Boyanmış sanat eserleri - Wawel halılarının tarihi
Goblenler, Wawel koleksiyonunda saklanan en ilginç koleksiyonlardan biridir. 16. yüzyılın ikinci yarısında Brüksel'de Kral Sigismund Augustus tarafından sipariş edilen dekoratif kumaşlardır. Başlangıçta 170 kadarı vardı, şimdi 138'i hayatta kaldı. Koleksiyon üç seriye bölünmüştür: İncil'den, Yaratılış Kitabından hikayeler anlatan; manzara ve armalar ve kraliyet baş harfleri ile.
İlk kez, kralın Katarzyna Habsburg ile düğünü sırasında Wawel'in iç mekanları kumaşlarla süslendi. Daha sonra, uzun yıllar boyunca, hükümdar onları Commonwealth'in vasiyetinde yazdığı gibi, kale odalarını dekore ettiler. Dünya Savaşı sırasında Polonya'dan alınıp Kanada'ya kadar götürüldüler. Ocak 1961'e kadar kaleye geri dönmediler.
Wawel efsaneleri - Kraliçe Barbara'nın ruhu
Kraliçe Barbara Radziwiłówna'nın gerçek kaderi gerçekten trajik olmasına rağmen, yüzyıllar boyunca birçok ek efsaneye ve romantik renge dönüştü. Kayınvalidesi Kraliçe Bona ve Polonyalı soylular tarafından onaylanmayan genç kraliçe, kocasından uzun süre zevk alamadı - taç giyme töreninden birkaç ay sonra öldü. Çaresiz Zygmunt August, ölümünden sonra uzun süre kederle baş edemedi. Hatta onun için Usta Twardowski tarafından gerçekleştirilecek olan ruhunu çağırmaya bile başvurdu. Bu amaçla, sihirbaz, diğer şeylerin yanı sıra, bugüne kadar hayatta kalan ve şimdi Węgrów'daki kilisede tutulan özel bir ayna kullandı.
Bazıları Kraliçe Barbara'nın ruhunun aslında Wawel'in odalarında ortaya çıktığına inanıyor. Ancak, çok daha sıradan bir açıklama var. Arkasında, kraliyet mahkemesinde entrikalar planlayan Mniszech kardeşler var. Onların ısrarı üzerine, Usta Twardowski acı çeken krala ölü karısını değil, onun yaşayan ikizi - Barbara Gizanka'yı gösterdi.
Wawel'in gizemli taşı
Bazılarına göre geleneksel anıtlara ve efsanelere ek olarak, Wawel'de Çakra adı verilen başka bir büyülü "güç yeri" daha vardır. İddiaya göre St. kilisesinin binasında yer alacaktı. Gereon.

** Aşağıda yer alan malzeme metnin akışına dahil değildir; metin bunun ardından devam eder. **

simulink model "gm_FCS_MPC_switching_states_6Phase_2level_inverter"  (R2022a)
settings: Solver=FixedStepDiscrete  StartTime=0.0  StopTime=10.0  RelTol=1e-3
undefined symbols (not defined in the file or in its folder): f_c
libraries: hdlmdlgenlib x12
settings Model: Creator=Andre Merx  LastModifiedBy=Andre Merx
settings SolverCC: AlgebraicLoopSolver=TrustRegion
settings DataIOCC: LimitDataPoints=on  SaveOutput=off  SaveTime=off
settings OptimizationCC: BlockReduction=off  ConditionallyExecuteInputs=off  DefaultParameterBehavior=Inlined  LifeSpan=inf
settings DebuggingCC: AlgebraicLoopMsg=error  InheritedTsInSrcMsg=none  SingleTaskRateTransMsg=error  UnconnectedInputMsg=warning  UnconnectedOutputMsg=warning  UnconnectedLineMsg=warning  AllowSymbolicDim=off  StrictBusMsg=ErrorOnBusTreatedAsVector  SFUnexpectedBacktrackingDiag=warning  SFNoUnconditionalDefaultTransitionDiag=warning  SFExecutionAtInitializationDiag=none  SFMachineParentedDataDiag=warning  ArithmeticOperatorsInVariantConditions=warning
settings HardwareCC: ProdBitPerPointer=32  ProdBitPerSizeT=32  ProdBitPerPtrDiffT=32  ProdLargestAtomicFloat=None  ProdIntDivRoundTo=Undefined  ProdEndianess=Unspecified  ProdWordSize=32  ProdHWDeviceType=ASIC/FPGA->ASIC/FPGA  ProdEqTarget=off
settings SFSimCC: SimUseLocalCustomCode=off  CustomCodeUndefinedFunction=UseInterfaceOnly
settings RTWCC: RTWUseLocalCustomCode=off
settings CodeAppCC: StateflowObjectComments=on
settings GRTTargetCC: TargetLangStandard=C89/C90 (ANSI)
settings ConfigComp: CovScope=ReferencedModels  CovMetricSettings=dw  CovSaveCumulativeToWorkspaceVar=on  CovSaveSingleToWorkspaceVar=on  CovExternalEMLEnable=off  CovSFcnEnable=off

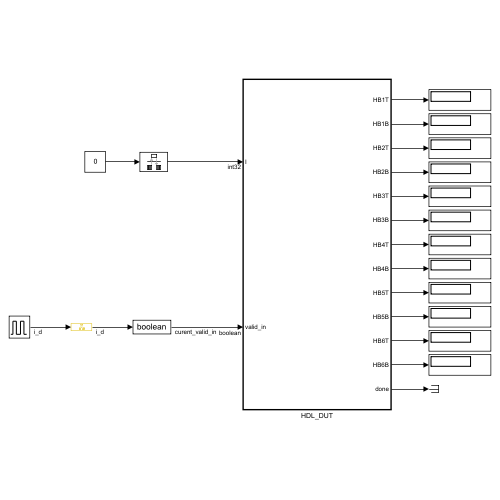
[thumbnail: Simulink's stored preview of the top-level diagram]
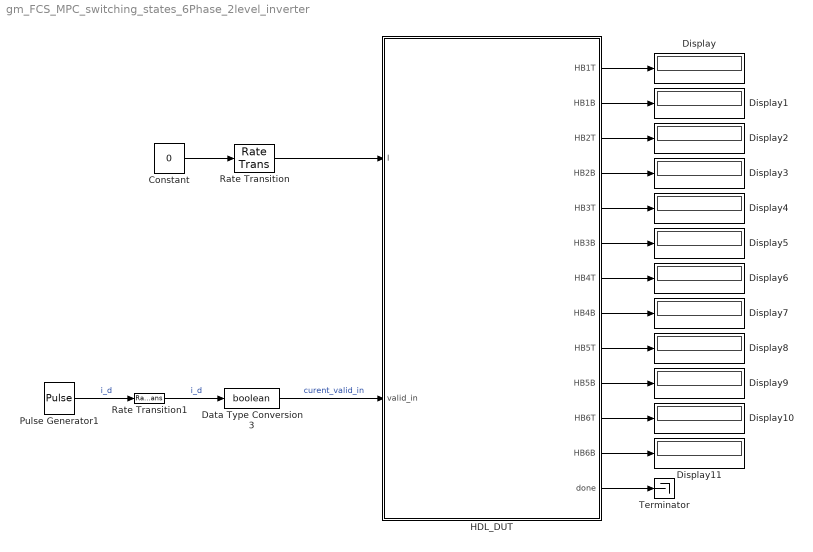
== system gm_FCS_MPC_switching_states_6Phase_2level_inverter ==
  Constant : Constant  Value=0  OutDataTypeStr=int32  SampleTime=-1
  Data Type Conversion3 : DataTypeConversion  OutDataTypeStr=boolean  SaturateOnIntegerOverflow=off  RndMeth=Floor
  Display{,1..11} (12 alike) : Display
  HDL_DUT : Subsystem  TreatAsAtomicUnit=on
  Pulse Generator1 : DiscretePulseGenerator  PulseType=Time based  Period=1/f_c
  Rate Transition : RateTransition  OutPortSampleTime=Rt
  Rate Transition1 : RateTransition  OutPortSampleTime=Rt
  Terminator : Terminator
  wires:
  HDL_DUT/13(done) -> Terminator/1
  HDL_DUT/12(HB6B) -> Display11/1
  HDL_DUT/11(HB6T) -> Display10/1
  HDL_DUT/10(HB5B) -> Display9/1
  HDL_DUT/9(HB5T) -> Display8/1
  HDL_DUT/8(HB4B) -> Display7/1
  HDL_DUT/7(HB4T) -> Display6/1
  HDL_DUT/6(HB3B) -> Display5/1
  HDL_DUT/5(HB3T) -> Display4/1
  HDL_DUT/4(HB2B) -> Display3/1
  HDL_DUT/3(HB2T) -> Display2/1
  HDL_DUT/2(HB1B) -> Display1/1
  HDL_DUT/1(HB1T) -> Display/1
  Data Type Conversion3/1 -> HDL_DUT/2(valid_in)  "curent_valid_in"
  Pulse Generator1/1 -> Rate Transition1/1  "i_d"
  Rate Transition1/1 -> Data Type Conversion3/1  "i_d"
  Rate Transition/1 -> HDL_DUT/1(I)
  Constant/1 -> Rate Transition/1

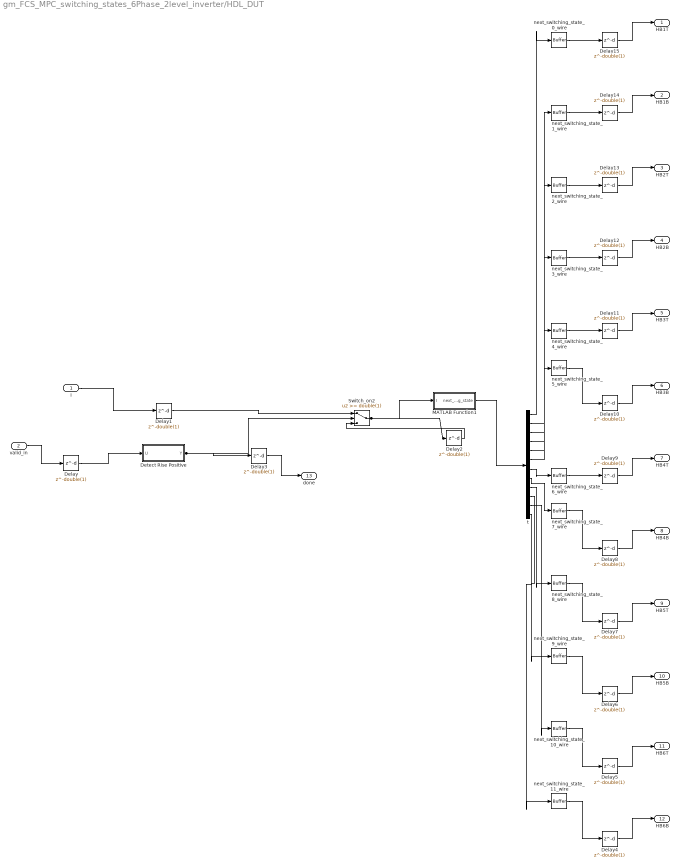
== system gm_FCS_MPC_switching_states_6Phase_2level_inverter/HDL_DUT ==
  I : Inport  OutDataTypeStr=int32  PortDimensions=1  SampleTime=1e-08
  valid_in : Inport  Port=2  OutDataTypeStr=boolean  PortDimensions=1  SampleTime=1e-08
  Delay{,1..15} (16 alike) : Delay  DelayLength=double(1)  InitialCondition=0  SampleTime=1e-08
  Detect Rise Positive : Subsystem  mask(Detect Rise Positive){vinit=double(0), InputProcessing=Elements as channels (sample based), OutDataTypeStr=boolean}
      mask prompts: vinit "Simulink:masks:InitialCondition_MP"; InputProcessing "Simulink:masks:InputProcessing_MP"; OutDataTypeStr "Simulink:masks:OutputDataType_MP"
      mask help: Simulink:masks:DetectRisePositive_MD
      mask init:
      | InputProcessing = 'Elements as channels (sample based)';
      | OutDataTypeStr = 'boolean';
      | vinit = double(0);
      mask TypeOptions InputProcessing: Simulink:masks:ColumnsAsChannelsFrameBased | Simulink:masks:ElementsAsChannelsSampleBased
      mask TypeOptions OutDataTypeStr: Simulink:masks:uint8 | Simulink:masks:boolean
      mask Display: fprintf('U > 0\n&  NOT\nU/z > 0')
  MATLAB Function1 : Subsystem
  Switch_on2 : Switch  Threshold=double(1)  OutDataTypeStr=int32  RndMeth=Simplest  SampleTime=1e-08  SaturateOnIntegerOverflow=off  InputSameDT=off
  next_switching_state_0_wire : hdlmdlgenlib/Buffer
      settings: SourceProductBaseCode=SL
  next_switching_state_10_wire : hdlmdlgenlib/Buffer
      settings: SourceProductBaseCode=SL
  next_switching_state_11_wire : hdlmdlgenlib/Buffer
      settings: SourceProductBaseCode=SL
  next_switching_state_1_wire : hdlmdlgenlib/Buffer
      settings: SourceProductBaseCode=SL
  next_switching_state_2_wire : hdlmdlgenlib/Buffer
      settings: SourceProductBaseCode=SL
  next_switching_state_3_wire : hdlmdlgenlib/Buffer
      settings: SourceProductBaseCode=SL
  next_switching_state_4_wire : hdlmdlgenlib/Buffer
      settings: SourceProductBaseCode=SL
  next_switching_state_5_wire : hdlmdlgenlib/Buffer
      settings: SourceProductBaseCode=SL
  next_switching_state_6_wire : hdlmdlgenlib/Buffer
      settings: SourceProductBaseCode=SL
  next_switching_state_7_wire : hdlmdlgenlib/Buffer
      settings: SourceProductBaseCode=SL
  next_switching_state_8_wire : hdlmdlgenlib/Buffer
      settings: SourceProductBaseCode=SL
  next_switching_state_9_wire : hdlmdlgenlib/Buffer
      settings: SourceProductBaseCode=SL
  t : Demux  Outputs=12
  HB1T : Outport  SampleTime=1e-08
  HB1B : Outport  Port=2  SampleTime=1e-08
  HB2T : Outport  Port=3  SampleTime=1e-08
  HB2B : Outport  Port=4  SampleTime=1e-08
  HB3T : Outport  Port=5  SampleTime=1e-08
  HB3B : Outport  Port=6  SampleTime=1e-08
  HB4T : Outport  Port=7  SampleTime=1e-08
  HB4B : Outport  Port=8  SampleTime=1e-08
  HB5T : Outport  Port=9  SampleTime=1e-08
  HB5B : Outport  Port=10  SampleTime=1e-08
  HB6T : Outport  Port=11  SampleTime=1e-08
  HB6B : Outport  Port=12  SampleTime=1e-08
  done : Outport  Port=13  SampleTime=1e-08
  wires:
  I/1 -> Delay1/1
  valid_in/1 -> Delay/1
  Delay/1 -> Detect Rise Positive/1(U)
  Delay1/1 -> Switch_on2/1
  Delay10/1 -> HB3B/1
  Delay11/1 -> HB3T/1
  Delay12/1 -> HB2B/1
  Delay13/1 -> HB2T/1
  Delay14/1 -> HB1B/1
  Delay15/1 -> HB1T/1
  Delay2/1 -> Switch_on2/3
  Delay3/1 -> done/1
  Delay4/1 -> HB6B/1
  Delay5/1 -> HB6T/1
  Delay6/1 -> HB5B/1
  Delay7/1 -> HB5T/1
  Delay8/1 -> HB4B/1
  Delay9/1 -> HB4T/1
  next_switching_state_0_wire/1 -> Delay15/1
  next_switching_state_1_wire/1 -> Delay14/1
  next_switching_state_2_wire/1 -> Delay13/1
  next_switching_state_3_wire/1 -> Delay12/1
  next_switching_state_4_wire/1 -> Delay11/1
  next_switching_state_5_wire/1 -> Delay10/1
  next_switching_state_6_wire/1 -> Delay9/1
  next_switching_state_7_wire/1 -> Delay8/1
  next_switching_state_8_wire/1 -> Delay7/1
  next_switching_state_9_wire/1 -> Delay6/1
  next_switching_state_10_wire/1 -> Delay5/1
  next_switching_state_11_wire/1 -> Delay4/1
  Detect Rise Positive/1(Y) -> Switch_on2/2, Delay3/1
  MATLAB Function1/1(next_switching_state) -> t/1
  Switch_on2/1 -> Delay2/1, MATLAB Function1/1(I)
  t/1 -> next_switching_state_0_wire/1
  t/2 -> next_switching_state_1_wire/1
  t/3 -> next_switching_state_2_wire/1
  t/4 -> next_switching_state_3_wire/1
  t/5 -> next_switching_state_4_wire/1
  t/6 -> next_switching_state_5_wire/1
  t/7 -> next_switching_state_6_wire/1
  t/8 -> next_switching_state_7_wire/1
  t/9 -> next_switching_state_8_wire/1
  t/10 -> next_switching_state_9_wire/1
  t/11 -> next_switching_state_10_wire/1
  t/12 -> next_switching_state_11_wire/1

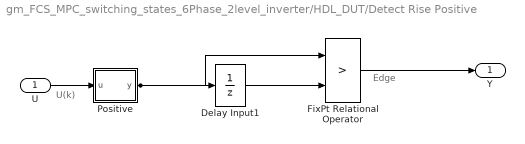
== system gm_FCS_MPC_switching_states_6Phase_2level_inverter/HDL_DUT/Detect Rise Positive ==
  note: Edge
  note: U(k)
  U : Inport  OutDataTypeStr=boolean  SampleTime=1e-08
  Delay Input1 : UnitDelay  Description=Store in Global RAM  DisableCoverage=on  InitialCondition=vinit  SampleTime=-1  HasFrameUpgradeWarning=on
  FixPt Relational Operator : RelationalOperator  Operator=>  OutDataTypeStr=boolean  ZeroCross=off  InputSameDT=off
  Positive : Subsystem  mask(Compare To Zero){relop=>, OutDataTypeStr=boolean, ZeroCross=off}
      mask prompts: relop "Simulink:masks:Operator_MP"; OutDataTypeStr "Simulink:masks:OutputDataType_MP"; ZeroCross "Simulink:masks:EnableZerocrossingDetection_MP"
      mask help: Simulink:masks:CompareToZero_MD
      mask init:
      | OutDataTypeStr = 'boolean';
      | ZeroCross = 'off';
      | blkName = 'FCS_MPC_switching_states_6Phase_2level_inverter/HDL_DUT/Detect Rise\nPositive/Positive';
      | relop = '>';
      | setValue = 'boolean';
      mask TypeOptions relop: == | ~= | < | <= | >= | >
      mask TypeOptions OutDataTypeStr: Simulink:masks:uint8 | Simulink:masks:boolean
      mask Callback ZeroCross: sl('zeroCrossEnable', gcbh);
      mask Display: disp([relop,' 0'])
  Y : Outport  SampleTime=1e-08
  wires:
  U/1 -> Positive/1(u)
  Delay Input1/1 -> FixPt Relational Operator/2
  FixPt Relational Operator/1 -> Y/1
  Positive/1(y) -> FixPt Relational Operator/1, Delay Input1/1

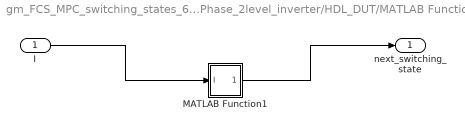
== system gm_FCS_MPC_switching_states_6Phase_2level_inverter/HDL_DUT/MATLAB Function1 ==
  I : Inport  OutDataTypeStr=int32  PortDimensions=1  SampleTime=1e-08
  MATLAB Function1 : MATLAB Function  TreatAsAtomicUnit=on
  next_switching_state : Outport  SampleTime=1e-08  VectorParamsAs1DForOutWhenUnconnected=off
  wires:
  I/1 -> MATLAB Function1/1(I)
  MATLAB Function1/1(next_switching_state) -> next_switching_state/1

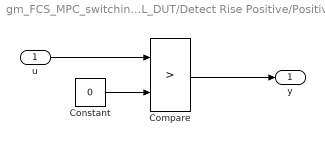
== system gm_FCS_MPC_switching_states_6Phase_2level_inverter/HDL_DUT/Detect Rise Positive/Positive ==
  u : Inport  OutDataTypeStr=boolean  SampleTime=1e-08
  Compare : RelationalOperator  Operator=>  OutDataTypeStr=boolean  ZeroCross=off
  Constant : Constant  DisableCoverage=on  Value=0  OutDataTypeStr=Inherit: Inherit via back propagation  SampleTime=-1  PreserveConstantTs=on
  y : Outport  SampleTime=1e-08
  wires:
  u/1 -> Compare/1
  Compare/1 -> y/1
  Constant/1 -> Compare/2

== matlab function gm_FCS_MPC_switching_states_6Phase_2level_inverter/HDL_DUT/MATLAB Function1/MATLAB Function1 ==
  data: I input; next_switching_state output
function next_switching_state = fcn(I)

    % Possible switching states of the 6-Phase 2-level inverter
    possible_swichting_states = [0	1	0	1	0	1	0	1	0	1	0	1;
                                1	0	0	1	0	1	0	1	0	1	0	1;
                                0	1	1	0	0	1	0	1	0	1	0	1;
                                1	0	1	0	0	1	0	1	0	1	0	1;
                                0	1	0	1	1	0	0	1	0	1	0	1;
                                1	0	0	1	1	0	0	1	0	1	0	1;
                                0	1	1	0	1	0	0	1	0	1	0	1;
                                1	0	1	0	1	0	0	1	0	1	0	1;
                                0	1	0	1	0	1	1	0	0	1	0	1;
                                1	0	0	1	0	1	1	0	0	1	0	1;
                                0	1	1	0	0	1	1	0	0	1	0	1;
                                1	0	1	0	0	1	1	0	0	1	0	1;
                                0	1	0	1	1	0	1	0	0	1	0	1;
                                1	0	0	1	1	0	1	0	0	1	0	1;
                                0	1	1	0	1	0	1	0	0	1	0	1;
                                1	0	1	0	1	0	1	0	0	1	0	1;
                                0	1	0	1	0	1	0	1	1	0	0	1;
                                1	0	0	1	0	1	0	1	1	0	0	1;
                                0	1	1	0	0	1	0	1	1	0	0	1;
                                1	0	1	0	0	1	0	1	1	0	0	1;
                                0	1	0	1	1	0	0	1	1	0	0	1;
                                1	0	0	1	1	0	0	1	1	0	0	1;
                                0	1	1	0	1	0	0	1	1	0	0	1;
                                1	0	1	0	1	0	0	1	1	0	0	1;
                                0	1	0	1	0	1	1	0	1	0	0	1;
                                1	0	0	1	0	1	1	0	1	0	0	1;
                                0	1	1	0	0	1	1	0	1	0	0	1;
                                1	0	1	0	0	1	1	0	1	0	0	1;
                                0	1	0	1	1	0	1	0	1	0	0	1;
                                1	0	0	1	1	0	1	0	1	0	0	1;
                                0	1	1	0	1	0	1	0	1	0	0	1;
                                1	0	1	0	1	0	1	0	1	0	0	1;
                                0	1	0	1	0	1	0	1	0	1	1	0;
                                1	0	0	1	0	1	0	1	0	1	1	0;
                                0	1	1	0	0	1	0	1	0	1	1	0;
                                1	0	1	0	0	1	0	1	0	1	1	0;
                                0	1	0	1	1	0	0	1	0	1	1	0;
                                1	0	0	1	1	0	0	1	0	1	1	0;
                                0	1	1	0	1	0	0	1	0	1	1	0;
                                1	0	1	0	1	0	0	1	0	1	1	0;
                                0	1	0	1	0	1	1	0	0	1	1	0;
                                1	0	0	1	0	1	1	0	0	1	1	0;
                                0	1	1	0	0	1	1	0	0	1	1	0;
                                1	0	1	0	0	1	1	0	0	1	1	0;
                                0	1	0	1	1	0	1	0	0	1	1	0;
                                1	0	0	1	1	0	1	0	0	1	1	0;
                                0	1	1	0	1	0	1	0	0	1	1	0;
                                1	0	1	0	1	0	1	0	0	1	1	0;
                                0	1	0	1	0	1	0	1	1	0	1	0;
                                1	0	0	1	0	1	0	1	1	0	1	0;
                                0	1	1	0	0	1	0	1	1	0	1	0;
                                1	0	1	0	0	1	0	1	1	0	1	0;
                                0	1	0	1	1	0	0	1	1	0	1	0;
                                1	0	0	1	1	0	0	1	1	0	1	0;
                                0	1	1	0	1	0	0	1	1	0	1	0;
                                1	0	1	0	1	0	0	1	1	0	1	0;
                                0	1	0	1	0	1	1	0	1	0	1	0;
                                1	0	0	1	0	1	1	0	1	0	1	0;
                                0	1	1	0	0	1	1	0	1	0	1	0;
                                1	0	1	0	0	1	1	0	1	0	1	0;
                                0	1	0	1	1	0	1	0	1	0	1	0;
                                1	0	0	1	1	0	1	0	1	0	1	0;
                                0	1	1	0	1	0	1	0	1	0	1	0;
                                1	0	1	0	1	0	1	0	1	0	1	0];

    % Initial condition
    if I==0
        I=int32(1);
    end

    % Output switching state
    next_switching_state=boolean(possible_swichting_states(I,:))';

end

Efsane, iki savaş arası dönemde çakranın şaşırtıcı özelliklerini geliştiren teosofist Wanda Dynowska'nın yazma etkinliğiyle ilgilidir. Zaman geçtikçe, hikaye giderek daha imkansız biçimler almaya başladı. Görünüşe göre her peri masalında bir doğruluk tanesi olmasına rağmen, onlarda mantıklı bir anlam bulmak zordur.
Wawel harika bir yer. Onu ziyaret etmek, küçük ve büyük turistler için olağanüstü bir macera olabilir. Hikâyeler ve sanat eserleri hazinesi haline gelen kültürümüzün en önemli yerlerinden biridir. Herkes kendinden bir şeyler bulacak. Tepede yürürken, Sigismund Şapeli'nin güzelliğine hayran olabilir, Barbara Radziwiłówna'nın ruhunu arayabilir veya efsanevi Wawel Dragon'un halefi olmayacağını umarak Dragon Jam'de saklanabilirsiniz.